Mark Norell: Really what I...I shouldn't say 'I' but my group, including my students and my colleagues and stuff in China and elsewhere, what we are interested in looking at is the transition from what people have traditionally called dinosaurs to what people have traditionally called birds. I think that over the last 20 years that line has really been blurred. It's very similar to human evolution when 100 years ago it was pretty clear what was human and what was non-human, because basically you had modern humans and you had a few cavemen fossils kicking around Europe, but with the great discoveries, especially from east Africa, of Australopithecus materials, the Homo erectus stuff from central Asia and everything else, the line between what's human and non-human has really blurred, to the point even that it's something which some anthropologists won't even talk about because you can't even really define it.

Well, similarly in the colloquial name 'birds' also...we used to think that birds are special because they have feathers, they have wish bones, they have hollow bones, they brood their nests, they have an advanced socio-biology, they have all these other sorts of things, an advanced metabolism. Well, all of those attributes which I just named are now found in non-avian dinosaurs. We have evidence that tyrannosaurus was feathered. We have evidence that non-avian dinosaurs like velociraptor and oviraptor and stuff sat on their nests and brooded them. We know that tyrannosaurus rex, as well as much more primitive therapods than it, had wish bones. So all these attributes are being forced further and further down the tree which is just giving us a very, very different picture of how birds were put together and some of the evolutionary modifications and the timing of those modifications, which arguably at 10,000 species is the most successful vertebrate terrestrial group on the planet.

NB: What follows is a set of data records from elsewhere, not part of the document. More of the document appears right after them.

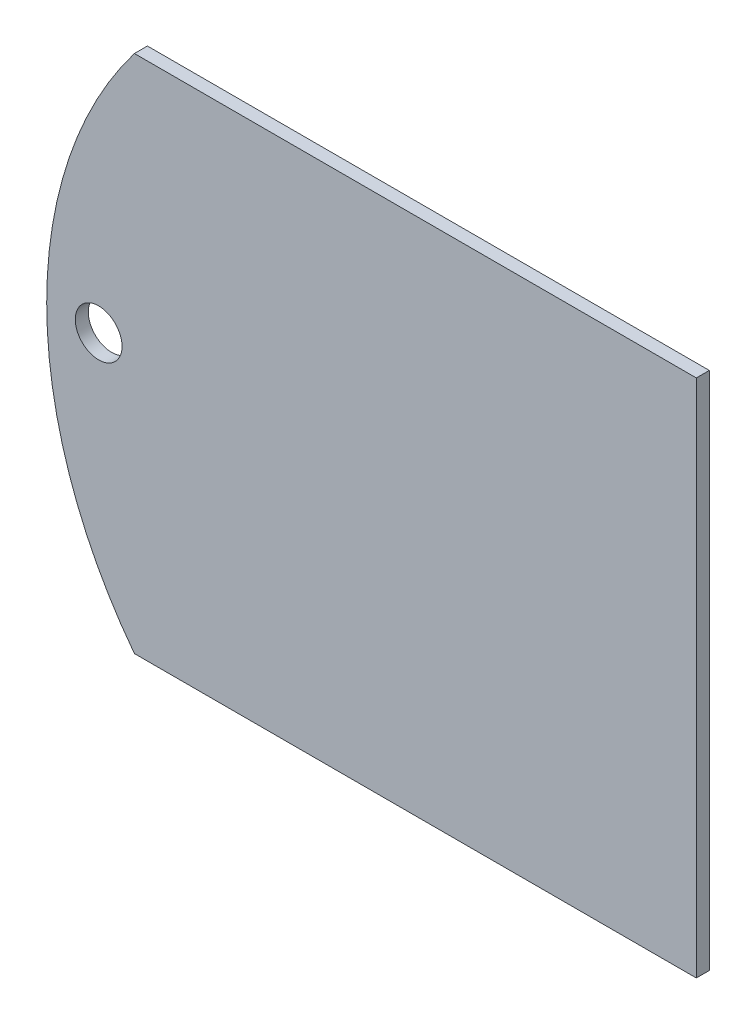
SolidWorks part; units mm, degrees
material "PEI"
ref_plane "Alzado" through (0, 0, 0) normal (0, 0, 1) x (1, 0, 0)
ref_plane "Planta" through (0, 0, 0) normal (0, 1, 0) x (1, 0, 0)
ref_plane "Vista lateral" through (0, 0, 0) normal (1, 0, 0) x (0, 0, -1)
sketch "Croquis1" plane through (0, 0, 0) normal (0, 0, 1) x (1, 0, 0)
  line L0 (-33, -20) -> (-33, 20) construction
  line L1 (0, 0) -> (0, 22.8374) construction
  line L2 (-26.2488, -20) -> (17, -20)
  line L3 (17, -20) -> (17, 20)
  line L4 (17, 20) -> (-33, 20)
  arc A0 (-26.2488, 20) -> (-26.2488, -20) centre (0, 0) ccw
  circle A1 centre (-29, 0) radius 1.8
  circle A2 centre (0, 0) radius 29 construction
  dimension "D1" = 66
  dimension "D5" = 4
  dimension "D6" = 3.6
  dimension "D2" = 20
  dimension "D3" = 20
  dimension "D4" = 50
extrude "Saliente-Extruir1" add sketch "Croquis1" along normal blind 1 contours L4 A0 L2 L3 region at (-6.8483, 0, 0)
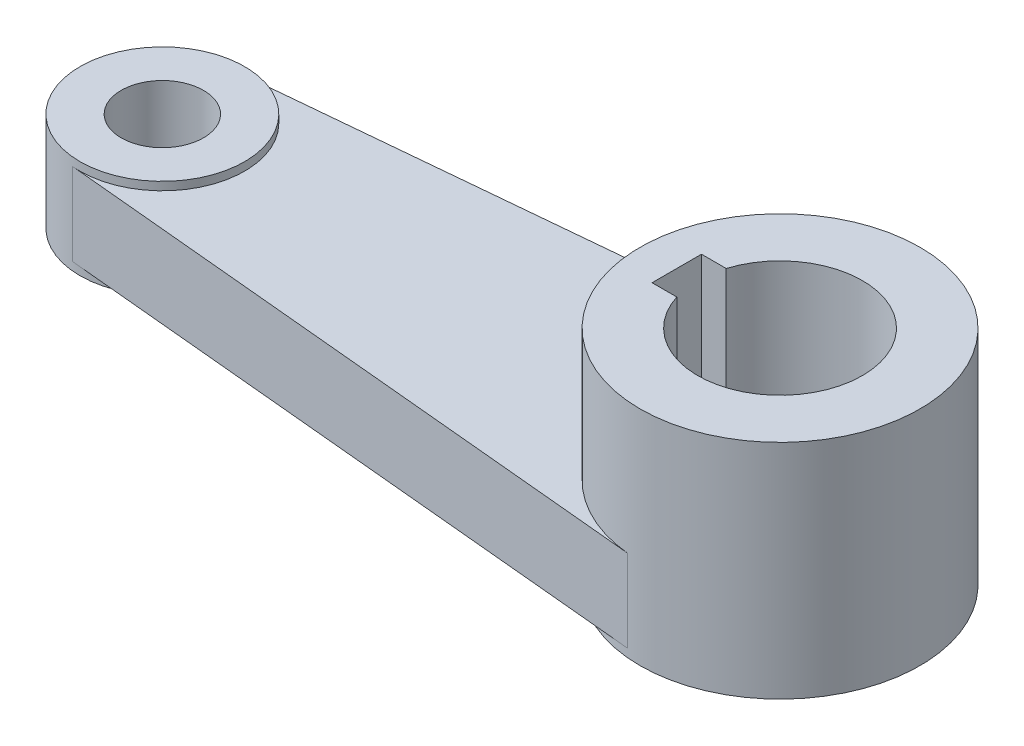
SolidWorks part; units mm, degrees
ref_plane "Piano frontale" through (0, 0, 0) normal (0, 0, 1) x (1, 0, 0)
ref_plane "Piano superiore" through (0, 0, 0) normal (0, 1, 0) x (1, 0, 0)
ref_plane "Piano destro" through (0, 0, 0) normal (1, 0, 0) x (0, 0, -1)
sketch "Schizzo1" plane through (0, 0, 0) normal (0, 1, 0) x (1, 0, 0)
  line L0 (-106.5136, 0) -> (22.563, 0) construction
  line L1 (-12.6288, -3) -> (-15.6288, -3)
  line L2 (-15.6288, -3) -> (-15.6288, 3)
  line L3 (-12.6288, 3) -> (-15.6288, 3)
  line L4 (-79.0227, 9.9563) -> (-4.6761, 16.9258)
  line L5 (-79.0227, -9.9563) -> (-4.6761, -16.9258)
  circle A0 centre (-3.0894, 0) radius 17
  circle A2 centre (-78.0894, 0) radius 10
  circle A3 centre (-78.0894, 0) radius 5
  arc A4 (-12.6288, -3) -> (-12.6288, 3) centre (-3.0894, 0) ccw
  point P9 (0, 0)
  point P10 (-70.2357, 14.6495)
  point P13 (0, 0)
  point P18 (-15.6288, 0)
  point P19 (0, 0)
  point P22 (0, 0)
  dimension "D1" = 34
  dimension "D2" = 20
  dimension "D3" = 20
  dimension "D4" = 10
  dimension "D5" = 6
  dimension "D6" = 3
  dimension "D7" = 75
extrude "Estrusione-Estrusione1" add sketch "Schizzo1" along normal mid plane 12 contours A2 L0 A3 | L0 A2 A3 region at (-78.0894, 0, -5.2236) region at (-70.5894, 0, 0.2236)
extrude "Estrusione-Estrusione2" add sketch "Schizzo1<3>" along normal mid plane 10 contours A2 L0 A0 L4 | L0 A2 L5 A0 region at (-41.9508, 0, -7.1372) region at (-41.9508, 0, 7.1372)
sketch "Schizzo1<3>" plane through (0, 0, 0) normal (0, 1, 0) x (1, 0, 0) same geometry as "Schizzo1"
extrude "Estrusione-Estrusione3" add sketch "Schizzo1<4>" along normal blind 21 and the other way blind 6 contours A0 L0 L2 L3 A4 | L0 A0 A4 L1 L2 region at (-15.3776, 0, -11.1902) region at (-17.8591, 0, 0.3801)
sketch "Schizzo1<4>" plane through (0, 0, 0) normal (0, 1, 0) x (1, 0, 0) same geometry as "Schizzo1"
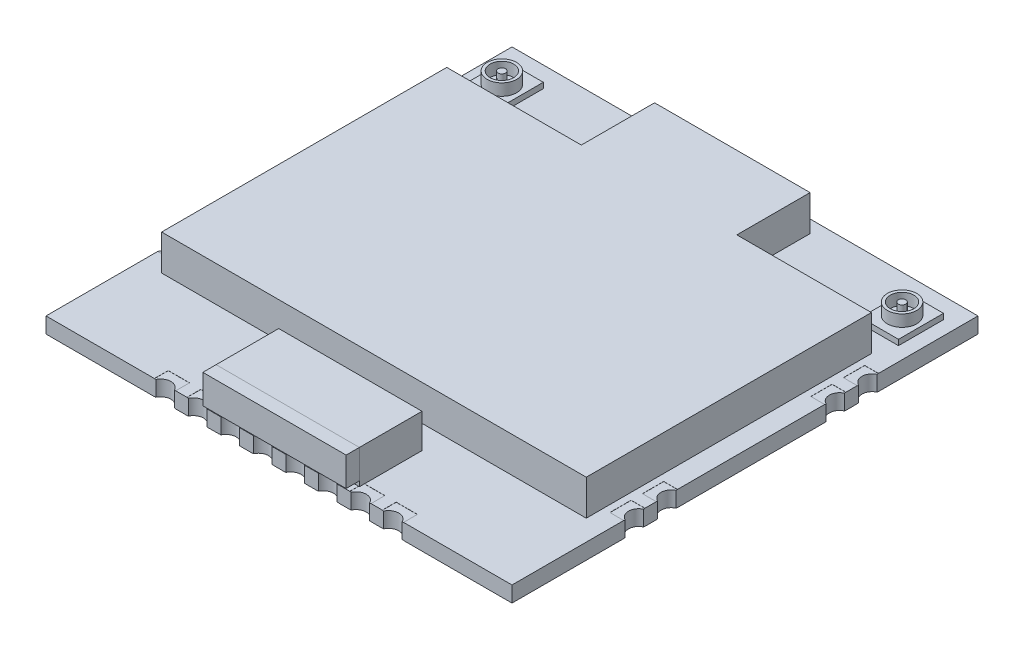
SolidWorks part; units mm, degrees
ref_plane "Front Plane" through (0, 0, 0) normal (0, 0, 1) x (1, 0, 0)
ref_plane "Top Plane" through (0, 0, 0) normal (0, 1, 0) x (1, 0, 0)
ref_plane "Right Plane" through (0, 0, 0) normal (1, 0, 0) x (0, 0, -1)
sketch "Sketch1" plane through (0, 0, 0) normal (0, 1, 0) x (1, 0, 0)
  line L0 (-0.039, 840.9703) -> (812.761, 840.9703) construction
  line L1 (-28.3029, -414.02) -> (-28.3029, -406.4) construction
  line L2 (406.4, 406.4) -> (44.4319, 406.4)
  line L3 (406.4, 406.4) -> (406.4, 230.4034)
  line L4 (406.4, -406.4) -> (214.884, -406.4)
  line L5 (-406.4, 406.4) -> (-406.4, 230.4034)
  line L6 (406.4, 406.4) -> (-406.4, -406.4) construction
  line L7 (406.4, -406.4) -> (-406.4, 406.4) construction
  line L8 (-414.02, -193.04) -> (-406.4, -193.04) construction
  line L9 (-85.1202, -414.02) -> (-85.1202, -406.4) construction
  line L10 (-141.9376, -414.02) -> (-141.9376, -406.4) construction
  line L11 (-198.755, -414.02) -> (-198.755, -406.4) construction
  line L12 (0, 0) -> (0, 406.4) construction
  line L13 (198.755, -414.02) -> (198.755, -406.4) construction
  line L14 (141.9376, -414.02) -> (141.9376, -406.4) construction
  line L15 (85.1202, -414.02) -> (85.1202, -406.4) construction
  line L16 (28.3029, -414.02) -> (28.3029, -406.4) construction
  line L17 (-28.3029, -406.4) -> (-44.4319, -406.4) construction
  line L18 (-44.4319, -406.4) -> (-68.9912, -406.4)
  line L19 (-12.1739, -406.4) -> (-28.3029, -406.4) construction
  line L20 (-68.9912, -406.4) -> (-85.1202, -406.4) construction
  line L21 (-101.2492, -406.4) -> (-125.8086, -406.4)
  line L22 (-85.1202, -406.4) -> (-101.2492, -406.4) construction
  line L23 (-125.8086, -406.4) -> (-141.9376, -406.4) construction
  line L24 (-158.0666, -406.4) -> (-182.626, -406.4)
  line L25 (-141.9376, -406.4) -> (-158.0666, -406.4) construction
  line L26 (-182.626, -406.4) -> (-198.755, -406.4) construction
  line L27 (-214.884, -406.4) -> (-406.4, -406.4)
  line L28 (-198.755, -406.4) -> (-214.884, -406.4) construction
  line L29 (44.4319, -406.4) -> (28.3029, -406.4) construction
  line L30 (12.1739, -406.4) -> (-12.1739, -406.4)
  line L31 (28.3029, -406.4) -> (12.1739, -406.4) construction
  line L32 (101.2492, -406.4) -> (85.1202, -406.4) construction
  line L33 (68.9912, -406.4) -> (44.4319, -406.4)
  line L34 (85.1202, -406.4) -> (68.9912, -406.4) construction
  line L35 (158.0666, -406.4) -> (141.9376, -406.4) construction
  line L36 (125.8086, -406.4) -> (101.2492, -406.4)
  line L37 (141.9376, -406.4) -> (125.8086, -406.4) construction
  line L38 (214.884, -406.4) -> (198.755, -406.4) construction
  line L39 (182.626, -406.4) -> (158.0666, -406.4)
  line L40 (198.755, -406.4) -> (182.626, -406.4) construction
  line L41 (-414.02, -136.2456) -> (-406.4, -136.2456) construction
  line L42 (-414.02, 157.48) -> (-406.4, 157.48) construction
  line L43 (-414.02, 214.2744) -> (-406.4, 214.2744) construction
  line L45 (414.02, 214.2744) -> (406.4, 214.2744) construction
  line L46 (414.02, 157.48) -> (406.4, 157.48) construction
  line L47 (414.02, -136.2456) -> (406.4, -136.2456) construction
  line L48 (414.02, -193.04) -> (406.4, -193.04) construction
  line L49 (-406.4, -193.04) -> (-406.4, -209.169) construction
  line L50 (-406.4, -209.169) -> (-406.4, -406.4)
  line L51 (-406.4, -176.911) -> (-406.4, -193.04) construction
  line L52 (-406.4, -136.2456) -> (-406.4, -152.3746) construction
  line L53 (-406.4, -152.3746) -> (-406.4, -176.911)
  line L54 (-406.4, -120.1166) -> (-406.4, -136.2456) construction
  line L55 (-406.4, 157.48) -> (-406.4, 141.351) construction
  line L56 (-406.4, 141.351) -> (-406.4, -120.1166)
  line L57 (-406.4, 173.609) -> (-406.4, 157.48) construction
  line L58 (-406.4, 214.2744) -> (-406.4, 198.1454) construction
  line L59 (-406.4, 198.1454) -> (-406.4, 173.609)
  line L60 (-406.4, 230.4034) -> (-406.4, 214.2744) construction
  line L61 (406.4, -176.911) -> (406.4, -193.04) construction
  line L62 (406.4, -209.169) -> (406.4, -406.4)
  line L63 (406.4, -193.04) -> (406.4, -209.169) construction
  line L64 (406.4, -120.1166) -> (406.4, -136.2456) construction
  line L65 (406.4, -152.3746) -> (406.4, -176.911)
  line L66 (406.4, -136.2456) -> (406.4, -152.3746) construction
  line L67 (406.4, 173.609) -> (406.4, 157.48) construction
  line L68 (406.4, 141.351) -> (406.4, -120.1166)
  line L69 (406.4, 157.48) -> (406.4, 141.351) construction
  line L70 (406.4, 230.4034) -> (406.4, 214.2744) construction
  line L71 (406.4, 198.1454) -> (406.4, 173.609)
  line L72 (406.4, 214.2744) -> (406.4, 198.1454) construction
  line L73 (-55, 0) -> (55, 0) construction
  line L74 (28.3029, 414.02) -> (28.3029, 406.4) construction
  line L75 (-28.3029, 414.02) -> (-28.3029, 406.4) construction
  line L76 (-28.3029, 406.4) -> (-44.4319, 406.4) construction
  line L77 (-44.4319, 406.4) -> (-406.4, 406.4)
  line L78 (-12.1739, 406.4) -> (-28.3029, 406.4) construction
  line L79 (28.3029, 406.4) -> (12.1739, 406.4) construction
  line L80 (12.1739, 406.4) -> (-12.1739, 406.4)
  line L81 (44.4319, 406.4) -> (28.3029, 406.4) construction
  arc A0 (-12.1739, -406.4) -> (-44.4319, -406.4) centre (-28.3029, -414.02) ccw
  arc A1 (-406.4, -209.169) -> (-406.4, -176.911) centre (-414.02, -193.04) ccw
  arc A2 (-68.9912, -406.4) -> (-101.2492, -406.4) centre (-85.1202, -414.02) ccw
  arc A3 (-125.8086, -406.4) -> (-158.0666, -406.4) centre (-141.9376, -414.02) ccw
  arc A4 (-182.626, -406.4) -> (-214.884, -406.4) centre (-198.755, -414.02) ccw
  arc A5 (182.626, -406.4) -> (214.884, -406.4) centre (198.755, -414.02) cw
  arc A6 (125.8086, -406.4) -> (158.0666, -406.4) centre (141.9376, -414.02) cw
  arc A7 (68.9912, -406.4) -> (101.2492, -406.4) centre (85.1202, -414.02) cw
  arc A8 (12.1739, -406.4) -> (44.4319, -406.4) centre (28.3029, -414.02) cw
  arc A9 (-406.4, -152.3746) -> (-406.4, -120.1166) centre (-414.02, -136.2456) ccw
  arc A10 (-406.4, 141.351) -> (-406.4, 173.609) centre (-414.02, 157.48) ccw
  arc A11 (-406.4, 198.1454) -> (-406.4, 230.4034) centre (-414.02, 214.2744) ccw
  arc A12 (406.4, 198.1454) -> (406.4, 230.4034) centre (414.02, 214.2744) cw
  arc A13 (406.4, 141.351) -> (406.4, 173.609) centre (414.02, 157.48) cw
  arc A14 (406.4, -152.3746) -> (406.4, -120.1166) centre (414.02, -136.2456) cw
  arc A15 (406.4, -209.169) -> (406.4, -176.911) centre (414.02, -193.04) cw
  arc A16 (12.1739, 406.4) -> (44.4319, 406.4) centre (28.3029, 414.02) ccw
  arc A17 (-12.1739, 406.4) -> (-44.4319, 406.4) centre (-28.3029, 414.02) cw
  point P2 (0, 0)
  point P46 (0, 0)
  point P51 (0, 0)
  dimension "D4" = 28.3029
  dimension "D1" = 812.8
  dimension "D2" = 812.8
  dimension "D3" = 812.8
  dimension "D5" = 7.62
  dimension "D6" = 32.258
  dimension "D8" = 397.51
  dimension "D11" = 213.36
  dimension "D12" = 56.7944
  dimension "D13" = 350.52
  dimension "D7" = 4
  dimension "D9" = 2
  dimension "D10" = 2
extrude "Boss-Extrude1" add sketch "Sketch1" along normal blind 27.432
scale "Scale1" scale about origin uniform scaling yes scale factor 0.03937
sketch "Sketch2" plane through (0, 1.08, 0) normal (0, 1, 0) x (1, 0, 0)
  line L0 (0, -16) -> (0, 16) construction
  line L1 (-0.4793, -16) -> (0.4793, -16) construction
  line L3 (14.58, -9.48) -> (-14.58, -9.48)
  line L4 (-14.58, -9.48) -> (-14.58, 10.1)
  line L5 (-14.58, 10.1) -> (-5.34, 10.1)
  line L6 (-5.34, 10.1) -> (-5.34, 15.13)
  line L7 (-5.34, 15.13) -> (5.34, 15.13)
  line L8 (5.34, 10.1) -> (5.34, 15.13)
  line L9 (14.58, 10.1) -> (5.34, 10.1)
  line L10 (14.58, -9.48) -> (14.58, 10.1)
  line L11 (-16, -16) -> (-8.46, -16) construction
  line L12 (0.4793, 16) -> (-0.4793, 16) construction
  point P4 (0, 16)
  point P13 (0, 15.13)
  point P16 (0, -9.48)
  dimension "D1" = 29.16
  dimension "D2" = 19.58
  dimension "D3" = 10.68
  dimension "D4" = 24.61
  dimension "D5" = 6.52
extrude "Boss-Extrude2" add sketch "Sketch2" along normal blind 2.44 separate body
sketch "Sketch3" plane through (0, 1.08, 0) normal (0, 1, 0) x (1, 0, 0)
  line L0 (-16, 16) -> (-16, 9.071) construction
  line L1 (-17.55, 7.706) -> (-15.05, 7.706)
  line L2 (-17.55, 7.706) -> (-17.55, 9.166)
  line L3 (-17.55, 9.166) -> (-15.05, 9.166)
  line L4 (-15.05, 7.706) -> (-15.05, 9.166)
  line L5 (-17.55, 7.706) -> (-15.05, 9.166) construction
  line L6 (-17.55, 9.166) -> (-15.05, 7.706) construction
  line L7 (-6.3193, -17.55) -> (-4.8593, -15.05) construction
  line L8 (-17.55, 5.47) -> (-15.05, 5.47)
  line L9 (-17.55, 5.47) -> (-17.55, 6.93)
  line L10 (-17.55, 6.93) -> (-15.05, 6.93)
  line L11 (-15.05, 5.47) -> (-15.05, 6.93)
  line L12 (-17.55, 5.47) -> (-15.05, 6.93) construction
  line L13 (-17.55, 6.93) -> (-15.05, 5.47) construction
  line L14 (-17.55, -6.094) -> (-15.05, -6.094)
  line L15 (-17.55, -6.094) -> (-17.55, -4.634)
  line L16 (-17.55, -4.634) -> (-15.05, -4.634)
  line L17 (-15.05, -6.094) -> (-15.05, -4.634)
  line L18 (-17.55, -6.094) -> (-15.05, -4.634) construction
  line L19 (-17.55, -4.634) -> (-15.05, -6.094) construction
  line L20 (-17.55, -8.33) -> (-15.05, -8.33)
  line L21 (-17.55, -8.33) -> (-17.55, -6.87)
  line L22 (-17.55, -6.87) -> (-15.05, -6.87)
  line L23 (-15.05, -8.33) -> (-15.05, -6.87)
  line L24 (-17.55, -8.33) -> (-15.05, -6.87) construction
  line L25 (-17.55, -6.87) -> (-15.05, -8.33) construction
  line L26 (-8.555, -17.55) -> (-7.095, -17.55)
  line L27 (-8.555, -17.55) -> (-8.555, -15.05)
  line L28 (-8.555, -15.05) -> (-7.095, -15.05)
  line L29 (-7.095, -17.55) -> (-7.095, -15.05)
  line L30 (-8.555, -17.55) -> (-7.095, -15.05) construction
  line L31 (-8.555, -15.05) -> (-7.095, -17.55) construction
  line L32 (-6.3193, -15.05) -> (-4.8593, -17.55) construction
  line L33 (-6.3193, -17.55) -> (-6.3193, -15.05)
  line L34 (-6.3193, -17.55) -> (-4.8593, -17.55)
  line L35 (-4.8593, -17.55) -> (-4.8593, -15.05)
  line L36 (-6.3193, -15.05) -> (-4.8593, -15.05)
  line L37 (-4.0836, -17.55) -> (-2.6236, -15.05) construction
  line L38 (-4.0836, -15.05) -> (-2.6236, -17.55) construction
  line L39 (-4.0836, -17.55) -> (-4.0836, -15.05)
  line L40 (-4.0836, -17.55) -> (-2.6236, -17.55)
  line L41 (-2.6236, -17.55) -> (-2.6236, -15.05)
  line L42 (-4.0836, -15.05) -> (-2.6236, -15.05)
  line L43 (-1.8479, -17.55) -> (-0.3879, -15.05) construction
  line L44 (-1.8479, -15.05) -> (-0.3879, -17.55) construction
  line L45 (-1.8479, -17.55) -> (-1.8479, -15.05)
  line L46 (-1.8479, -17.55) -> (-0.3879, -17.55)
  line L47 (-0.3879, -17.55) -> (-0.3879, -15.05)
  line L48 (-1.8479, -15.05) -> (-0.3879, -15.05)
  line L49 (0, -16) -> (0, 16) construction
  line L50 (1.8479, -15.05) -> (0.3879, -17.55) construction
  line L51 (1.8479, -17.55) -> (0.3879, -15.05) construction
  line L52 (4.0836, -15.05) -> (2.6236, -17.55) construction
  line L53 (4.0836, -17.55) -> (2.6236, -15.05) construction
  line L54 (-0.4793, -16) -> (0.4793, -16) construction
  line L55 (-1.936, 0) -> (1.936, 0) construction
  line L56 (6.3193, -15.05) -> (4.8593, -17.55) construction
  line L57 (8.555, -15.05) -> (7.095, -17.55) construction
  line L58 (8.555, -17.55) -> (7.095, -15.05) construction
  line L59 (17.55, -6.87) -> (15.05, -8.33) construction
  line L60 (17.55, -8.33) -> (15.05, -6.87) construction
  line L61 (17.55, -4.634) -> (15.05, -6.094) construction
  line L62 (17.55, -6.094) -> (15.05, -4.634) construction
  line L63 (17.55, 6.93) -> (15.05, 5.47) construction
  line L64 (17.55, 5.47) -> (15.05, 6.93) construction
  line L65 (6.3193, -17.55) -> (4.8593, -15.05) construction
  line L66 (17.55, 9.166) -> (15.05, 7.706) construction
  line L67 (17.55, 7.706) -> (15.05, 9.166) construction
  line L68 (1.8479, -15.05) -> (0.3879, -15.05)
  line L69 (0.3879, -17.55) -> (0.3879, -15.05)
  line L70 (1.8479, -17.55) -> (0.3879, -17.55)
  line L71 (1.8479, -17.55) -> (1.8479, -15.05)
  line L72 (4.0836, -15.05) -> (2.6236, -15.05)
  line L73 (2.6236, -17.55) -> (2.6236, -15.05)
  line L74 (4.0836, -17.55) -> (2.6236, -17.55)
  line L75 (4.0836, -17.55) -> (4.0836, -15.05)
  line L76 (6.3193, -15.05) -> (4.8593, -15.05)
  line L77 (4.8593, -17.55) -> (4.8593, -15.05)
  line L78 (6.3193, -17.55) -> (4.8593, -17.55)
  line L79 (6.3193, -17.55) -> (6.3193, -15.05)
  line L80 (7.095, -17.55) -> (7.095, -15.05)
  line L81 (8.555, -15.05) -> (7.095, -15.05)
  line L82 (8.555, -17.55) -> (8.555, -15.05)
  line L83 (8.555, -17.55) -> (7.095, -17.55)
  line L84 (15.05, -8.33) -> (15.05, -6.87)
  line L85 (17.55, -6.87) -> (15.05, -6.87)
  line L86 (17.55, -8.33) -> (17.55, -6.87)
  line L87 (17.55, -8.33) -> (15.05, -8.33)
  line L88 (15.05, -6.094) -> (15.05, -4.634)
  line L89 (17.55, -4.634) -> (15.05, -4.634)
  line L90 (17.55, -6.094) -> (17.55, -4.634)
  line L91 (17.55, -6.094) -> (15.05, -6.094)
  line L92 (15.05, 5.47) -> (15.05, 6.93)
  line L93 (17.55, 6.93) -> (15.05, 6.93)
  line L94 (17.55, 5.47) -> (17.55, 6.93)
  line L95 (17.55, 5.47) -> (15.05, 5.47)
  line L96 (15.05, 7.706) -> (15.05, 9.166)
  line L97 (17.55, 9.166) -> (15.05, 9.166)
  line L98 (17.55, 7.706) -> (17.55, 9.166)
  line L99 (17.55, 7.706) -> (15.05, 7.706)
  line L100 (0.4793, 16) -> (-0.4793, 16) construction
  line L101 (1.8479, 17.55) -> (0.3879, 15.05) construction
  line L102 (1.8479, 15.05) -> (0.3879, 17.55) construction
  line L103 (-1.8479, 15.05) -> (-0.3879, 17.55) construction
  line L104 (-1.8479, 17.55) -> (-0.3879, 15.05) construction
  line L105 (1.8479, 17.55) -> (1.8479, 15.05)
  line L106 (1.8479, 17.55) -> (0.3879, 17.55)
  line L107 (0.3879, 17.55) -> (0.3879, 15.05)
  line L108 (1.8479, 15.05) -> (0.3879, 15.05)
  line L109 (-1.8479, 15.05) -> (-0.3879, 15.05)
  line L110 (-0.3879, 17.55) -> (-0.3879, 15.05)
  line L111 (-1.8479, 17.55) -> (-0.3879, 17.55)
  line L112 (-1.8479, 17.55) -> (-1.8479, 15.05)
  arc A1 (-0.4793, -16) -> (-1.7493, -16) centre (-1.1143, -16.3) ccw construction
  point P0 (-16.3, 8.436)
  point P8 (-16.3, 6.2)
  point P14 (-16.3, -5.364)
  point P20 (-16.3, -7.6)
  point P26 (-7.825, -16.3)
  point P32 (0, 0)
  point P33 (-5.5893, -16.3)
  point P38 (-3.3536, -16.3)
  point P43 (-1.1179, -16.3)
  point P57 (0, 16)
  point P62 (-1.1143, -15.5977)
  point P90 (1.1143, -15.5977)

Robyn Williams: When you go across from the museum here to Central Park and you look at the pigeons and other birds, what do you think of them?

Mark Norell: Actually it depends on the bird. The pigeons, I wish they'd go away! But I don't think about it that much but I like to think that the work that my group has done, that we've given a new appreciation for birds and really shown them to be what they are; living dinosaurs.

Robyn Williams: Mark Norell, curator of fossils at the American Museum of Natural History in New York.